Wherever a line holds the word "between", copy that line from the data.

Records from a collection
....
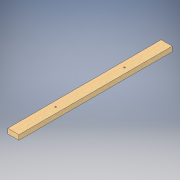
# Autodesk Inventor part: 48in 2x4
Saved by Autodesk Inventor 2017 (Build 210142000, 142)
## iProperties
Created: 2017-05-24
Part Number: 48in 2x4
Material: Pine, Radiata
Document SubType Name: Modeling
Designer: cas7
Density: 0.48 g/cm^3
Appearance: Pine - Coarse
Mass: 1982.18 g
Surface Area: 3164.51 cm^2
Volume: 4129.54 cm^3
Author: cas7
Autodesk Inventor part; units mm, degrees
ref_plane "YZ Plane" through (0, 0, 0) normal (1, 0, 0) x (0, 1, 0)
ref_plane "XZ Plane" through (0, 0, 0) normal (0, 1, 0) x (-1, 0, 0)
ref_plane "XY Plane" through (0, 0, 0) normal (0, 0, 1) x (1, 0, 0)
sketch "Sketch1" plane through (0, 0, 0) normal (0, 0, 1) x (1, 0, 0)
  line L0 (0, 0) -> (0, 38.1)
  line L1 (0, 38.1) -> (88.9, 38.1)
  line L2 (88.9, 38.1) -> (88.9, 0)
  line L3 (88.9, 0) -> (0, 0)
  dimension "d0" = 38.1
  dimension "d1" = 88.9
  constraints: 8 end point, 3 perpendicular, 1 vertical
  measures "d0" distance of L0.start L0.end
  measures "d1" distance of L0.end L1.end
extrude "Extrusion1" add sketch "Sketch1" along normal blind 533.4
sketch "Sketch3" plane through (0, 0, 533.4) normal (0, 0, 1) x (1, 0, 0)
  line L0 (0, 38.1) -> (0, 0) projected
  line L1 (0, 0) -> (88.9, 0) projected
  line L2 (88.9, 0) -> (88.9, 38.1) projected
  line L3 (88.9, 38.1) -> (0, 38.1) projected
extrude "Extrusion2" add sketch "Sketch3" along normal blind 685.8
sketch "Sketch5" plane through (0, 38.1, 0) normal (0, 1, 0) x (1, 0, 0)
  line L0 (0, 0) -> (88.9, 0) projected
  line L1 (0, 0) -> (0, -1219.2) projected
  line L2 (88.9, -1219.2) -> (0, -1219.2) projected
  line L3 (88.9, 0) -> (88.9, -1219.2) projected
  line L4 (88.9, 0) -> (0, 0) projected
  line L5 (88.9, 0) -> (0, 0)
  line L6 (0, -38.1) -> (88.9, -38.1)
  line L7 (0, -295.275) -> (88.9, -295.275)
  line L8 (0, -333.375) -> (88.9, -333.375)
  line L9 (0, -590.55) -> (88.9, -590.55)
  line L10 (0, -628.65) -> (88.9, -628.65)
  line L11 (0, -885.825) -> (88.9, -885.825)
  line L12 (0, -923.925) -> (88.9, -923.925)
  line L13 (0, -1181.1) -> (88.9, -1181.1)
  line L14 (0, -1219.2) -> (88.9, -1219.2)
  dimension "d15" = 38.1
  dimension "d16" = 257.175
  dimension "d17" = 38.1
  dimension "d18" = 257.175
  dimension "d19" = 38.1
  dimension "d20" = 257.175
  dimension "d21" = 38.1
  dimension "d22" = 257.175
  dimension "d23" = 38.1
  constraints: 20 end point, 10 equal length
  measures "d15" distance between parallel lines of L0 L6
  measures "d16" distance between parallel lines of L6 L7
  measures "d17" distance between parallel lines of L7 L8
  measures "d18" distance between parallel lines of L8 L9
  measures "d19" distance between parallel lines of L9 L10
  measures "d20" distance between parallel lines of L10 L11
  measures "d21" distance between parallel lines of L11 L12
  measures "d22" distance between parallel lines of L12 L13
  measures "d23" distance between parallel lines of L13 L14
sketch "Sketch6" plane through (0, 38.1, 0) normal (0, 1, 0) x (1, 0, 0)
  line L0 (88.9, 0) -> (88.9, -336.55)
  line L1 (88.9, -1219.2) -> (88.9, -882.65)
  line L2 (88.9, -1219.2) -> (425.45, -1219.2) construction
  point P0 (44.45, -882.65)
  point P1 (45.955, -336.55)
  dimension "d26" = 90
  constraints: 6 end point, 1 horizontal, 1 perpendicular
  measures "d26" angle of L2 L1
hole "Hole1" at (44.45, 38.1, 882.65) at (45.955, 38.1, 336.55) direction (0, -1, 0) diameter 10.5918 depth 35.179 tip angle 118 thread size "1/2-13 UNC" class "2B" standard "ANSI Unified Screw Threads"
body "Solid1"
....
_SOLUTION FOR THIS PROBLEM:_
  measures "d15" distance between parallel lines of L0 L6
  measures "d16" distance between parallel lines of L6 L7
  measures "d17" distance between parallel lines of L7 L8
  measures "d18" distance between parallel lines of L8 L9
  measures "d19" distance between parallel lines of L9 L10
  measures "d20" distance between parallel lines of L10 L11
  measures "d21" distance between parallel lines of L11 L12
  measures "d22" distance between parallel lines of L12 L13
  measures "d23" distance between parallel lines of L13 L14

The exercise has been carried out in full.